## How to complete this task
Write every record below out exactly; no images.

Collected data
————————
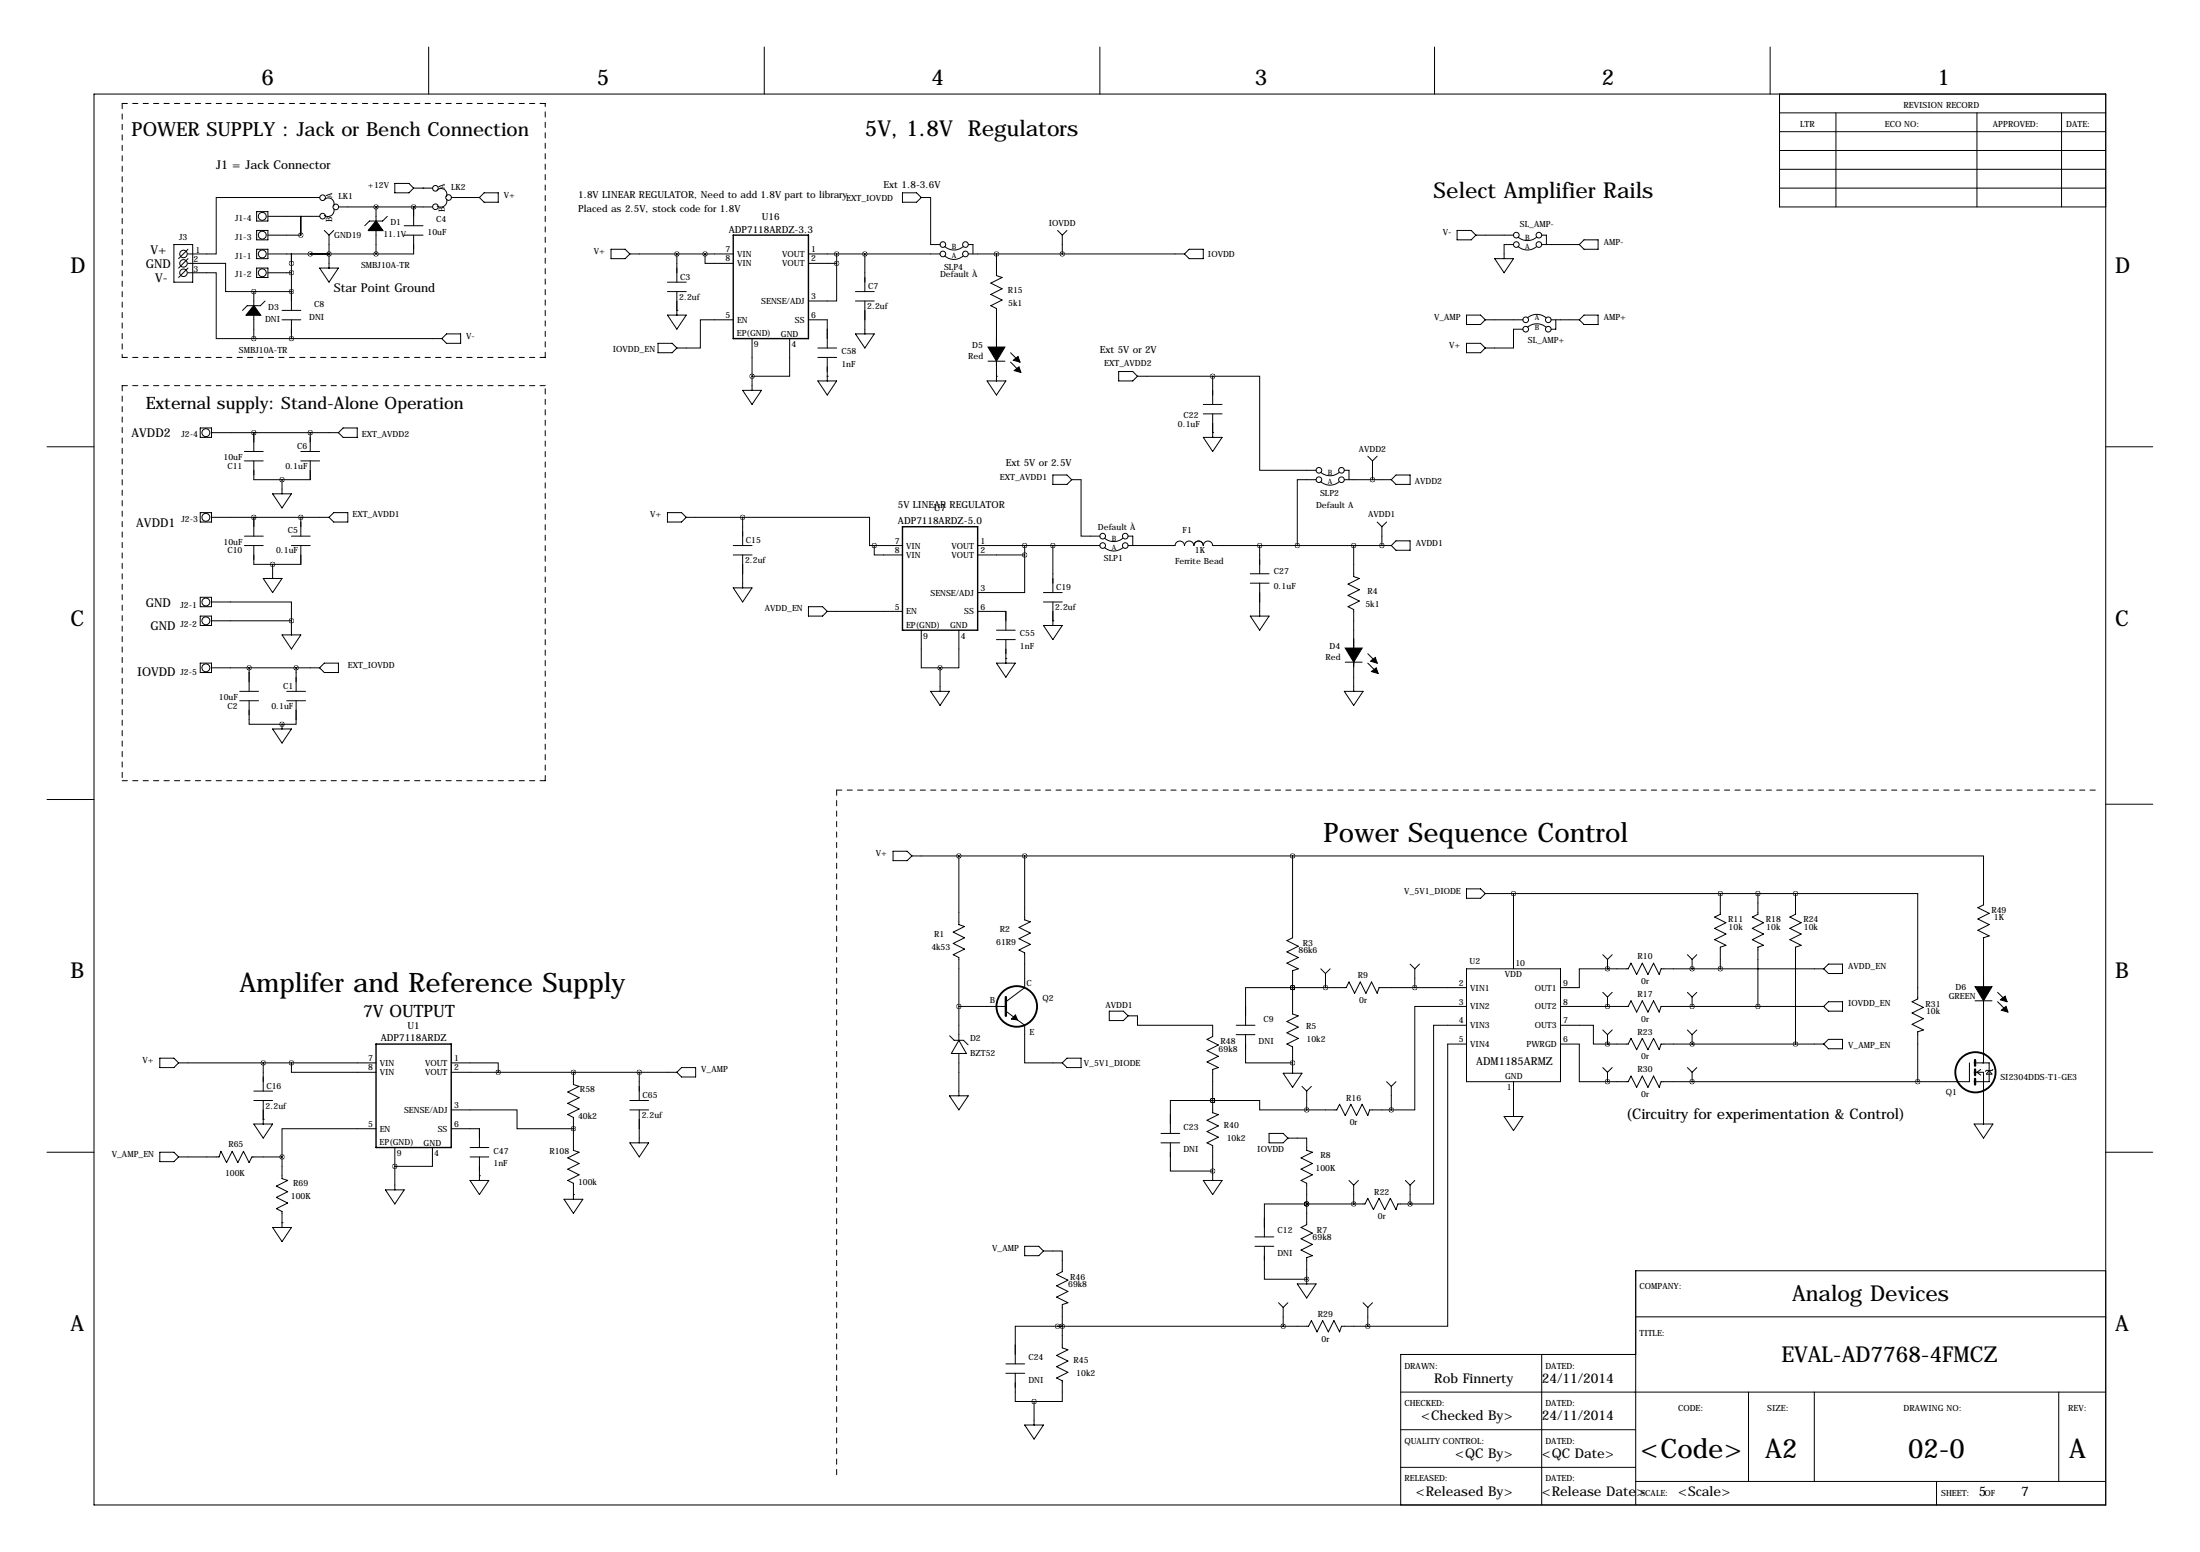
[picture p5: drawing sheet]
<svg xmlns="http://www.w3.org/2000/svg" width="594mm" height="419mm" viewBox="0 0 594 419" stroke-linecap="round" stroke-linejoin="round" font-family="sans-serif">
<g fill="none" stroke="#000" stroke-width=".27">
<path d="M115.8 12.7v12.7M206.5 12.7v12.7M297.2 12.7v12.7M387.6 12.7v12.7M478.3 12.7v12.7M25.4 25.4h543.6v381h-543.6zM480.8 25.4v30.5h88.2M480.8 30.5h88.2M480.8 35.6h88.2M496.1 30.5v25.4M534.2 30.5v25.4M557 30.5v25.4"/>
<path d="M69.3 57.1h3.1v2.6h-3.1zM72.4 58.4h8.9v5.1M86.4 58.4h-5.1v5.1M86.4 53.3h-28v15.3h-7.6M87.6 53.9a1.57 1.57 0 0 1 2-.2 1.57 1.57 0 0 1 .5 1.9M90.2 56.4a1.68 1.68 0 0 1-.7 1.8 1.68 1.68 0 0 1-1.9 0M91.4 55.9h25.4M101.6 55.9h.1M101.6 55.9v3.8M104.6 58.4l-1.2 1.3h-3.6l-1.2 1.3M106.7 49.5h3.8l1.3 1.3-1.3 1.3h-3.8zM111.8 55.9h.1"/>
<path d="M111.8 50.8h5M111.8 55.9v5.1M114.3 50.8h.1M118.1 51.3a1.57 1.57 0 0 1 2-.1 1.57 1.57 0 0 1 .5 1.9M120.7 53.8a1.68 1.68 0 0 1-.7 1.8 1.68 1.68 0 0 1-1.9 0M121.9 53.3h7.6M130.8 52.1h3.8v2.5h-3.8l-1.3-1.3zM243.8 52.1h3.8l1.3 1.2-1.3 1.3h-3.8zM248.9 53.3h2.6v12.7h2.5M480.8 40.6h88.2M480.8 45.7h88.2M480.8 50.8h88.2"/>
<path d="M47 66h5.1v10.2h-5.1zM50.8 71.1h10.2v7.6h7.6M50.8 73.7h7.6v17.7h10.2M50.8 67.3l-2.5 2.6M50.8 69.9l-2.5 2.5M50.8 72.4l-2.5 2.5M68.6 78.7h.1M68.6 78.7v3.9M68.6 78.7h10.1M69.3 62.2h3.1v2.6h-3.1zM69.3 67.3h3.1v2.6h-3.1zM69.3 72.4h3.1v2.5h-3.1z"/>
<path d="M72.4 68.6h6.3v2.5M72.4 63.5h8.9M72.4 73.7h6.3M78.7 78.7h.1M78.7 71.1v12.7M83.8 68.6h-5.1v2.5M86.4 72.4h5l-2.5 3.8zM87.6 62.2l1.3 1.3M88.9 63.5v5.1h-5.1M88.9 68.6v3.8M90.2 62.2l-1.3 1.3M101.6 62.2v6.4"/>
<path d="M109.2 63.5h5.1M109.2 61h5.1M111.8 63.5v5.1h-28M165.1 67.3h3.8l1.3 1.3-1.3 1.3h-3.8zM170.2 68.6h27.9M180.3 76.2h5.1M180.3 78.7h5.1M182.9 68.6v7.6M182.9 78.7v6.4M190.5 68.6v2.5h7.6M218.4 68.6h35.6M218.4 71.1h7.7"/>
<path d="M226.1 71.1v10.2h-7.7M226.1 68.6v2.5M231.1 78.7h5.1M233.7 68.6v10.1M255.2 69.1a3.8 3.8 0 0 0 5 .1M255.2 66.6a3.8 3.8 0 0 0 5 0M261.6 66h1.3v2.6M261.6 68.6h58.4M269.2 68.6v5.8l1.6 .5-3.1 1.6 3.1 1.5-3.1 1.5 3.1 1.5-3.1 1.6 1.5 .7v19.6M285.8 62.2l1.2 1.3M287 63.5v5.1M288.3 62.2l-1.3 1.3"/>
<path d="M321.3 67.3h3.8v2.6h-3.8l-1.3-1.3zM393.7 62.2h3.8l1.3 1.3-1.3 1.3h-3.8zM398.8 63.5h10.1M403.9 69.9h5l-2.5 3.8zM408.9 66h-2.5v3.9M410.2 66.6a3.8 3.8 0 0 0 4.9 0M410.2 64a3.8 3.8 0 0 0 4.9 .1M416.6 66h10.1M416.6 63.5h1.2v2.5M428 64.8h3.8v2.5h-3.8l-1.3-1.3zM68.6 85.1v6.3M68.6 91.4h50.8"/>
<path d="M71.6 81.3l-1.2 1.3h-3.6l-1.3 1.2M76.2 86.4h5.1M76.2 83.8h5.1M78.7 91.4h.1M78.7 86.4v5M120.6 90.2h3.9v2.5h-3.9l-1.2-1.3zM177.8 92.7h3.8l1.3 1.3-1.3 1.2h-3.8zM180.3 85.1h5.1l-2.5 3.8zM182.9 83.8h.1M198.1 86.4h-8.9v7.6h-6.3M203.2 91.4v14M213.4 91.4v10.2h-10.2"/>
<path d="M218.4 86.4h5.1v7.6M221 96.5h5.1M221 94h5.1M223.5 96.5v6.4M231.1 81.3h5.1M231.1 90.2h5.1l-2.5 3.8zM233.7 81.3v8.9M267 97.5h4.5M273 95.2l2.6 2.6M273 97.8l2.6 2.5M396.2 92.7h3.8l1.3 1.3-1.3 1.2h-3.8zM396.2 85.1h3.8l1.3 1.3-1.3 1.2h-3.8z"/>
<path d="M401.3 86.4h10.2M411.5 88.9h-2.6v5.1h-7.6M417.7 85.8a3.8 3.8 0 0 0-5 0M417.7 88.3a3.8 3.8 0 0 0-5 .1M419.1 86.4h7.6M420.4 86.4v2.5h-1.3M426.7 86.4l1.3-1.3h3.8v2.5h-3.8zM54.1 115.6h3v2.5h-3zM57.1 116.8h34.3M68.6 116.8h.1M68.6 116.8v5.1M83.8 116.8h.1"/>
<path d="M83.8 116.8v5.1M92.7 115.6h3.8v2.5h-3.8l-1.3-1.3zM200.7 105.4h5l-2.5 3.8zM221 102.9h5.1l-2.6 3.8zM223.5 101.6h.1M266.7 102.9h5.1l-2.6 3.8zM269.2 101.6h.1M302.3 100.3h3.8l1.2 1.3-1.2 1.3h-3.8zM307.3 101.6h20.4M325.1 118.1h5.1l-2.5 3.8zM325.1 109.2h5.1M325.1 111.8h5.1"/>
————————
## Solution to the problem
[picture p5: drawing sheet]
<svg xmlns="http://www.w3.org/2000/svg" width="594mm" height="419mm" viewBox="0 0 594 419" stroke-linecap="round" stroke-linejoin="round" font-family="sans-serif">
<g fill="none" stroke="#000" stroke-width=".27">
<path d="M115.8 12.7v12.7M206.5 12.7v12.7M297.2 12.7v12.7M387.6 12.7v12.7M478.3 12.7v12.7M25.4 25.4h543.6v381h-543.6zM480.8 25.4v30.5h88.2M480.8 30.5h88.2M480.8 35.6h88.2M496.1 30.5v25.4M534.2 30.5v25.4M557 30.5v25.4"/>
<path d="M69.3 57.1h3.1v2.6h-3.1zM72.4 58.4h8.9v5.1M86.4 58.4h-5.1v5.1M86.4 53.3h-28v15.3h-7.6M87.6 53.9a1.57 1.57 0 0 1 2-.2 1.57 1.57 0 0 1 .5 1.9M90.2 56.4a1.68 1.68 0 0 1-.7 1.8 1.68 1.68 0 0 1-1.9 0M91.4 55.9h25.4M101.6 55.9h.1M101.6 55.9v3.8M104.6 58.4l-1.2 1.3h-3.6l-1.2 1.3M106.7 49.5h3.8l1.3 1.3-1.3 1.3h-3.8zM111.8 55.9h.1"/>
<path d="M111.8 50.8h5M111.8 55.9v5.1M114.3 50.8h.1M118.1 51.3a1.57 1.57 0 0 1 2-.1 1.57 1.57 0 0 1 .5 1.9M120.7 53.8a1.68 1.68 0 0 1-.7 1.8 1.68 1.68 0 0 1-1.9 0M121.9 53.3h7.6M130.8 52.1h3.8v2.5h-3.8l-1.3-1.3zM243.8 52.1h3.8l1.3 1.2-1.3 1.3h-3.8zM248.9 53.3h2.6v12.7h2.5M480.8 40.6h88.2M480.8 45.7h88.2M480.8 50.8h88.2"/>
<path d="M47 66h5.1v10.2h-5.1zM50.8 71.1h10.2v7.6h7.6M50.8 73.7h7.6v17.7h10.2M50.8 67.3l-2.5 2.6M50.8 69.9l-2.5 2.5M50.8 72.4l-2.5 2.5M68.6 78.7h.1M68.6 78.7v3.9M68.6 78.7h10.1M69.3 62.2h3.1v2.6h-3.1zM69.3 67.3h3.1v2.6h-3.1zM69.3 72.4h3.1v2.5h-3.1z"/>
<path d="M72.4 68.6h6.3v2.5M72.4 63.5h8.9M72.4 73.7h6.3M78.7 78.7h.1M78.7 71.1v12.7M83.8 68.6h-5.1v2.5M86.4 72.4h5l-2.5 3.8zM87.6 62.2l1.3 1.3M88.9 63.5v5.1h-5.1M88.9 68.6v3.8M90.2 62.2l-1.3 1.3M101.6 62.2v6.4"/>
<path d="M109.2 63.5h5.1M109.2 61h5.1M111.8 63.5v5.1h-28M165.1 67.3h3.8l1.3 1.3-1.3 1.3h-3.8zM170.2 68.6h27.9M180.3 76.2h5.1M180.3 78.7h5.1M182.9 68.6v7.6M182.9 78.7v6.4M190.5 68.6v2.5h7.6M218.4 68.6h35.6M218.4 71.1h7.7"/>
<path d="M226.1 71.1v10.2h-7.7M226.1 68.6v2.5M231.1 78.7h5.1M233.7 68.6v10.1M255.2 69.1a3.8 3.8 0 0 0 5 .1M255.2 66.6a3.8 3.8 0 0 0 5 0M261.6 66h1.3v2.6M261.6 68.6h58.4M269.2 68.6v5.8l1.6 .5-3.1 1.6 3.1 1.5-3.1 1.5 3.1 1.5-3.1 1.6 1.5 .7v19.6M285.8 62.2l1.2 1.3M287 63.5v5.1M288.3 62.2l-1.3 1.3"/>
<path d="M321.3 67.3h3.8v2.6h-3.8l-1.3-1.3zM393.7 62.2h3.8l1.3 1.3-1.3 1.3h-3.8zM398.8 63.5h10.1M403.9 69.9h5l-2.5 3.8zM408.9 66h-2.5v3.9M410.2 66.6a3.8 3.8 0 0 0 4.9 0M410.2 64a3.8 3.8 0 0 0 4.9 .1M416.6 66h10.1M416.6 63.5h1.2v2.5M428 64.8h3.8v2.5h-3.8l-1.3-1.3zM68.6 85.1v6.3M68.6 91.4h50.8"/>
<path d="M71.6 81.3l-1.2 1.3h-3.6l-1.3 1.2M76.2 86.4h5.1M76.2 83.8h5.1M78.7 91.4h.1M78.7 86.4v5M120.6 90.2h3.9v2.5h-3.9l-1.2-1.3zM177.8 92.7h3.8l1.3 1.3-1.3 1.2h-3.8zM180.3 85.1h5.1l-2.5 3.8zM182.9 83.8h.1M198.1 86.4h-8.9v7.6h-6.3M203.2 91.4v14M213.4 91.4v10.2h-10.2"/>
<path d="M218.4 86.4h5.1v7.6M221 96.5h5.1M221 94h5.1M223.5 96.5v6.4M231.1 81.3h5.1M231.1 90.2h5.1l-2.5 3.8zM233.7 81.3v8.9M267 97.5h4.5M273 95.2l2.6 2.6M273 97.8l2.6 2.5M396.2 92.7h3.8l1.3 1.3-1.3 1.2h-3.8zM396.2 85.1h3.8l1.3 1.3-1.3 1.2h-3.8z"/>
<path d="M401.3 86.4h10.2M411.5 88.9h-2.6v5.1h-7.6M417.7 85.8a3.8 3.8 0 0 0-5 0M417.7 88.3a3.8 3.8 0 0 0-5 .1M419.1 86.4h7.6M420.4 86.4v2.5h-1.3M426.7 86.4l1.3-1.3h3.8v2.5h-3.8zM54.1 115.6h3v2.5h-3zM57.1 116.8h34.3M68.6 116.8h.1M68.6 116.8v5.1M83.8 116.8h.1"/>
<path d="M83.8 116.8v5.1M92.7 115.6h3.8v2.5h-3.8l-1.3-1.3zM200.7 105.4h5l-2.5 3.8zM221 102.9h5.1l-2.6 3.8zM223.5 101.6h.1M266.7 102.9h5.1l-2.6 3.8zM269.2 101.6h.1M302.3 100.3h3.8l1.2 1.3-1.2 1.3h-3.8zM307.3 101.6h20.4M325.1 118.1h5.1l-2.5 3.8zM325.1 109.2h5.1M325.1 111.8h5.1"/>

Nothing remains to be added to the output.